Very early stage projects include studies of sensory neurons, obtained and sustained through stem cell creation, with the goal of developing better non-addictive treatments for chronic pain.

There’s a long road ahead for sufferers of chronic diseases being studied, given the time it takes to get new treatments approved, the time it takes for new treatments to propagate through the healthcare system, questions about whether such treatments would be covered under different insurance plans, and questions about the pluripotent stem cells themselves, since there are reports in some experiments of tumor formation emanating from the stem cells.
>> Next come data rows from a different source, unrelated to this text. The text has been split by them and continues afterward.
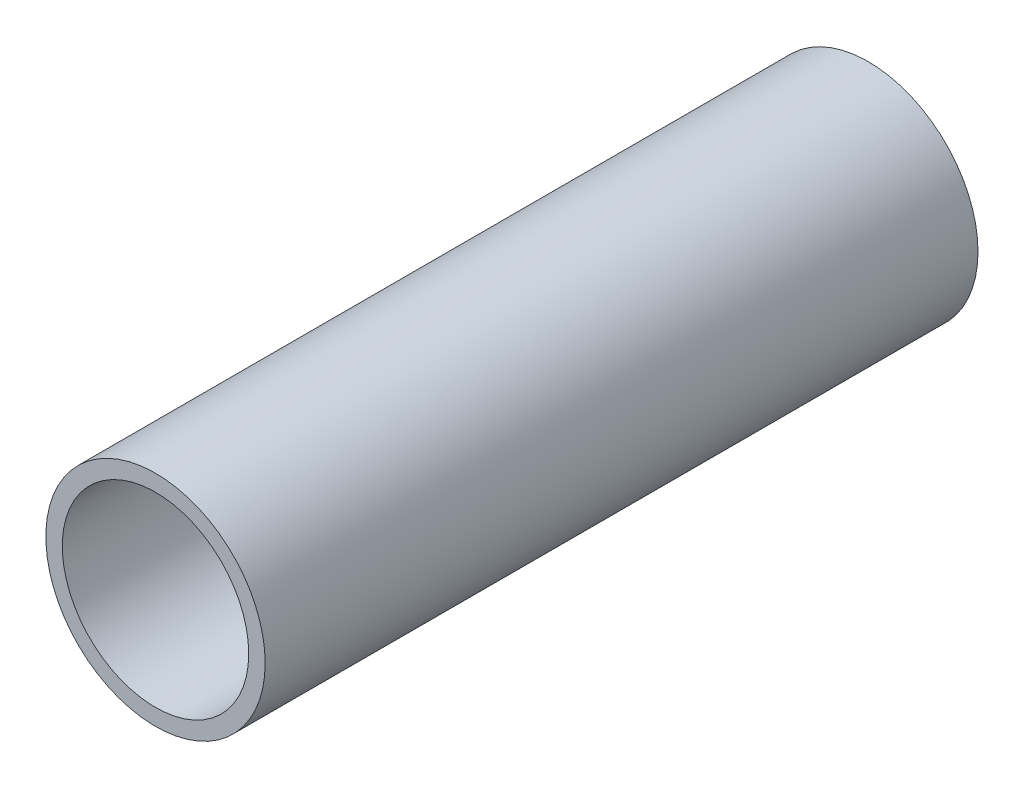
SolidWorks part; units mm, degrees
ref_plane "Front Plane" through (0, 0, 0) normal (0, 0, 1) x (1, 0, 0)
ref_plane "Top Plane" through (0, 0, 0) normal (0, 1, 0) x (1, 0, 0)
ref_plane "Right Plane" through (0, 0, 0) normal (1, 0, 0) x (0, 0, -1)
sketch "Sketch1" plane through (0, 0, 0) normal (0, 0, 1) x (1, 0, 0)
  circle A0 centre (0, 0) radius 8.5
  circle A1 centre (0, 0) radius 10
  dimension "D1" = 17
  dimension "D2" = 20
extrude "Boss-Extrude1" add sketch "Sketch1" along normal blind 65

Despite the uncertainties, stem cell clinical trials now underway may with the benefit of hindsight be seen as a new frontier in medical treatment that reduces mortality, disability and the economic costs associated with certain chronic diseases.

21 The importance of FDA-approved studies and treatments vs “Stem Cell Tourism”. There are reports of adipose and other stem cell treatments which are quite different from FDA-approved stem cell studies, and which have been investigated by the New York Attorney General and other regulators for risks to patients. A study in the 2017 New England Journal of Medicine showed substantial adverse impacts from some unregulated macular degeneration treatments, including complete blindness.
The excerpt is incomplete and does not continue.